The other inspiration—and this is a cliché, but it’s true—was my son’s birth in early 2015. All the clichés about how having a kid changes you are true. Since our son was born, it just so happened that the company was going through a transition from raising funding to deciding we were going to bootstrap it from here, after 2014. I started leaving the office at 5:15 or 5:30 so I could catch my son before he goes to bed, and that turned around the culture of the company such that we became a much more parent- and family-friendly company. It’s 9:30 to 5:30, get your shit done, leave.
Folio: And that’s allowed you to compete with the Vices and the Voxes of the world?

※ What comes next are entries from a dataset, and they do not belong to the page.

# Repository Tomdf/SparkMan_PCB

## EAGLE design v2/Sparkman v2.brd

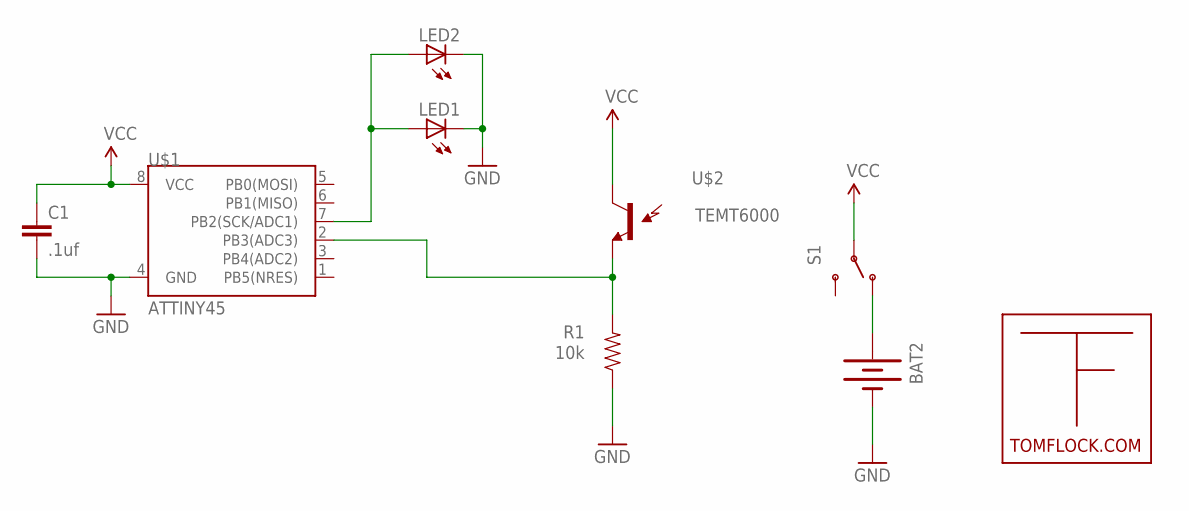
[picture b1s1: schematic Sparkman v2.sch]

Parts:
BAT2: BATTERY12MM; BATTCON_12MM
C1: .1uf; 0603-CAP
LED1, LED2: LED0603; LED-0603
R1: 10k; 0603-RES
S1: SWITCH-SPSTSMD; AYZ0202
U$1: ATTINY45; SO08-EIAJ
U$2: TEMT6000; TEMT6000-SEN
U$3: TFLOGO

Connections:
GND: BAT2.GND (-), C1.2, LED1.C, LED2.C, R1.1, U$1.4 (GND)
unnamed: LED1.A, LED2.A, U$1.7 (PB2(SCK/ADC1))
unnamed: R1.2, U$1.2 (PB3(ADC3)), U$2.EMITTER (E1)
unnamed: BAT2.PWR@1 (+), S1.1 (O)
VCC: C1.1, S1.2, U$1.8 (VCC), U$2.COLLECTOR (C1)

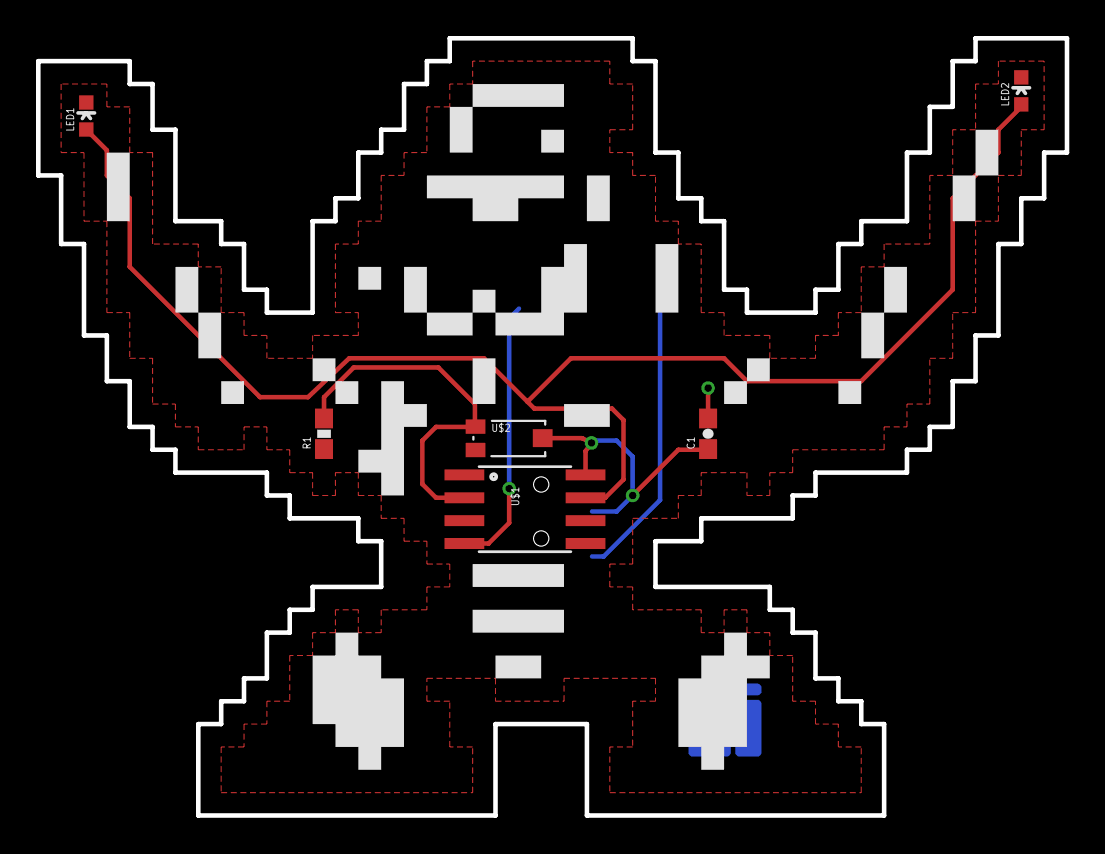
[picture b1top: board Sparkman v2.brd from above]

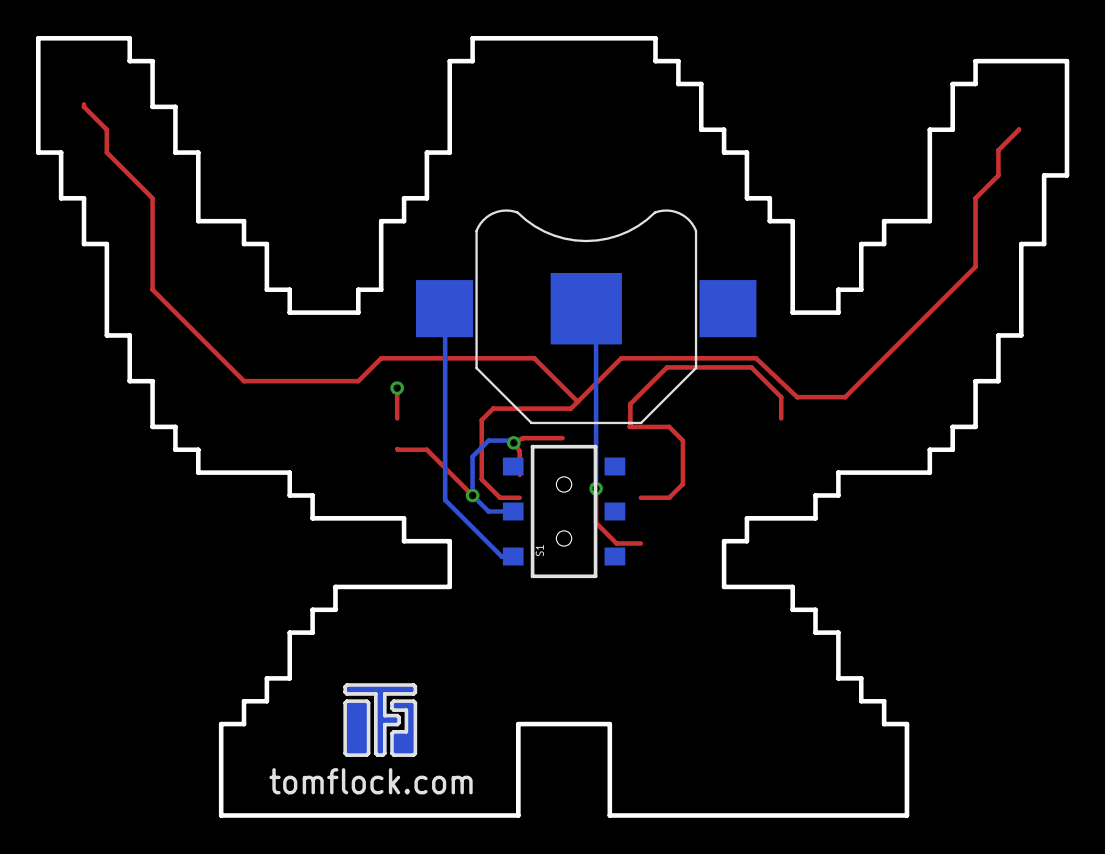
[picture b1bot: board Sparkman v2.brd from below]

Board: 2 copper layers, 57.2 x 43.2 mm, 9 parts (3 on the bottom side), 5 nets.

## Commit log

2013-09-09 Initial Commitzor
    Out of the frying pan, into the virtual storage space

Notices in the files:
parts and their libraries:
SparkFun: Licensing: CC v3.0 Share-Alike You are welcome to use this library for commercial purposes.
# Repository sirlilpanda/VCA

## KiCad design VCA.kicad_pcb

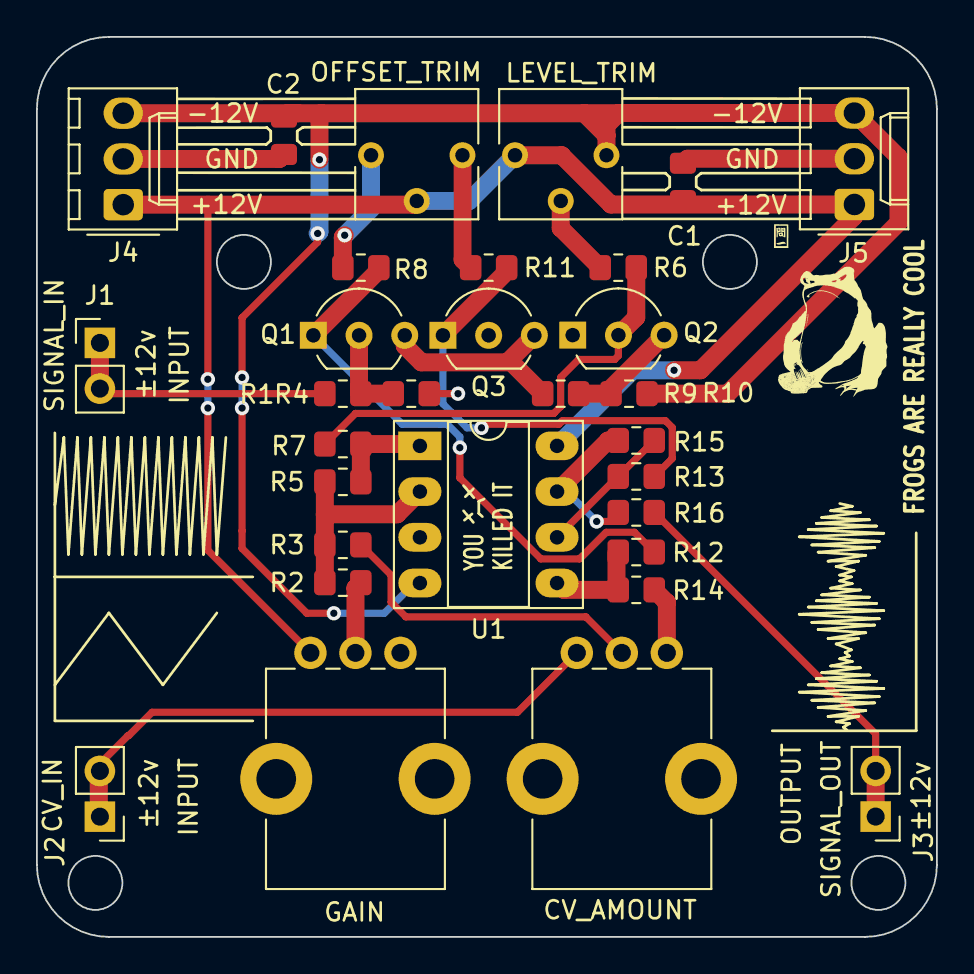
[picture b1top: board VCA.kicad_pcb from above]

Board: 2 copper layers, 50.0 x 50.0 mm, 32 parts (0 on the bottom side), 22 nets.

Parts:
C1, C2: 100n; C_0805_2012Metric_Pad1.18x1.45mm_HandSolder
CV_AMOUNT: 50k; Potentiometer_Bourns_PTV09A-1_Single_Vertical
FROGS ARE REALLY COOL: LOGO; frog3
GAIN: 50k; Potentiometer_Bourns_PTV09A-1_Single_Vertical
J1, J2, J3: Conn_01x02_Socket; PinHeader_1x02_P2.54mm_Vertical
J4, J5: Conn_01x03_Female; Molex_KK-254_AE-6410-03A_1x03_P2.54mm_Vertical
LEVEL_TRIM: 100k; Potentiometer_Vishay_T73YP_Vertical
OFFSET_TRIM: 1k; Potentiometer_Vishay_T73YP_Vertical
Q1, Q2, Q3: BC547; TO-92_Inline_Wide
R1, R14, R15: 220k; R_0805_2012Metric_Pad1.20x1.40mm_HandSolder
R2, R3: 100k; R_0805_2012Metric_Pad1.20x1.40mm_HandSolder
R4: 1K; R_0805_2012Metric_Pad1.20x1.40mm_HandSolder
R5: 47k; R_0805_2012Metric_Pad1.20x1.40mm_HandSolder
R6, R7, R9: 22k; R_0805_2012Metric_Pad1.20x1.40mm_HandSolder
R8, R10, R11, R12, R13: 10k; R_0805_2012Metric_Pad1.20x1.40mm_HandSolder
R16: 1k; R_0805_2012Metric_Pad1.20x1.40mm_HandSolder
U1: TL072; DIP-8_W7.62mm_Socket_LongPads

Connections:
+12V: C1.1, GAIN.1, J4.1, J5.1, LEVEL_TRIM.1, OFFSET_TRIM.2, U1.8 (V+)
-12V: C2.2, J4.3, J5.3, LEVEL_TRIM.3, R10.2, U1.4 (V-)
AMout: J3.1, J3.2, R16.2
GND: C1.2, C2.1, CV_AMOUNT.3, GAIN.3, J4.2, J5.2, Q2.1 (C), Q3.2 (B), R4.2, R14.1, U1.3 (+)
unnamed: CV_AMOUNT.2, R3.1
unnamed: GAIN.2, R2.1
unnamed: LEVEL_TRIM.2, R6.1
unnamed: OFFSET_TRIM.1, R8.1
unnamed: OFFSET_TRIM.3, R11.1
unnamed: Q1.2 (B), R1.2, R4.1
unnamed: Q1.1 (C), R8.2, R12.1
unnamed: Q1.3 (E), Q3.3 (E), R9.1
unnamed: Q2.2 (B), R6.2, R7.2
unnamed: Q2.3 (E), R9.2, R10.1
unnamed: Q3.1 (C), R11.2, R13.1
unnamed: R5.2, R7.1, U1.1
unnamed: R15.2, R16.1, U1.7
unnamed: R2.2, R3.2, R5.1, U1.2 (-)
unnamed: R12.2, R14.2, U1.5 (+)
unnamed: R13.2, R15.1, U1.6 (-)
carrierSignal: J1.1, J1.2, R1.1
controlVoltage: CV_AMOUNT.1, J2.1, J2.2

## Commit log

2023-09-24 inital commit
2023-09-24 added mounting holes
2023-09-25 added more silkscreen
2023-09-25 fixed hopefuly
2023-09-25 fixed?
2023-09-25 reworked layout
2023-09-25 added test points to the schmatic
2023-09-26 updated gbrs

Ali: In terms of talent, yes. I’m not hiring a hundred people every year, I’m hiring 10 or 15. So I have the choice of being able to hopefully hire the best that we can afford. Affordability is key here. At all times, there’s a gap between ambition and resources available. I want that gap to continue to be large, because as soon as it closes, you slip and you become lazy.
Folio: You told Ad Age that “travel brands can’t sit on the sidelines.” Was that part of your thinking behind launching the new Skift Foundation?
Ali: Yeah, I think that’s part of it. We’re under no illusions that we’re changing the freaking world. We’re a media company that covers the business of travel. We understand the travel industry, we have research and conferences and a little bit of money. We have marketing and branding expertise and we have a platform that we can promote things on. So all of that is part of the Skift Foundation.
We held our annual retreat this summer in Puerto Rico, with the idea of—knowing what Puerto Rico went through a year ago—just going to spend money there and benefit the local economy to a small extent. We ended up meeting a bunch of people in the tourism and travel industry and this foundation, the Foundation for Puerto Rico, which is focused on rebuilding the tourism industry there. So we decided to give them access to our high-priced research through the foundation and tickets to our conference to network with the industry. We’re also adopting Punta Santiago, a small part of the island near where Hurricane Maria first landed, to help that community, which was completely devastated. It’s about using our expertise of what we know, which is travel.
Folio: One final question—I’m going to give you an opportunity to criticize the media critics. What are some of the biggest things that media-on-media coverage is missing?
Ali: Wow. Here’s one thing: I think media is structured to only write about bigness. And this is not just true for media about media, but media writing about any type of business. It may even be true for Skift. We are not equipped to write about bootstrapped companies that nobody knows about, even if they are doing very well. Media reporters only go after the flashy companies and do not write about the other companies that are unique and not in the mainstream bubble.
I feel like the daily operation of media is never captured in the coverage of media. It’s not sexy at all, and it’s hard to write about. They all talk about Facebook and this and that, but what leads to these decisions of leaning into these platforms in the first place?
The last thing is that nobody has a sense of history, the media reporters who cover the industry. I’m on my 62nd book for this year, and most of these books are about business history. I wish that when I was 28, I had read all of these books, because I’d have been a much better reporter. Having a sense of history comes with age, but it could also come with reading. Maybe journalism schools should inculcate more understanding of general history. A media reporter’s job is to connect the dots across timeframes and across different industries.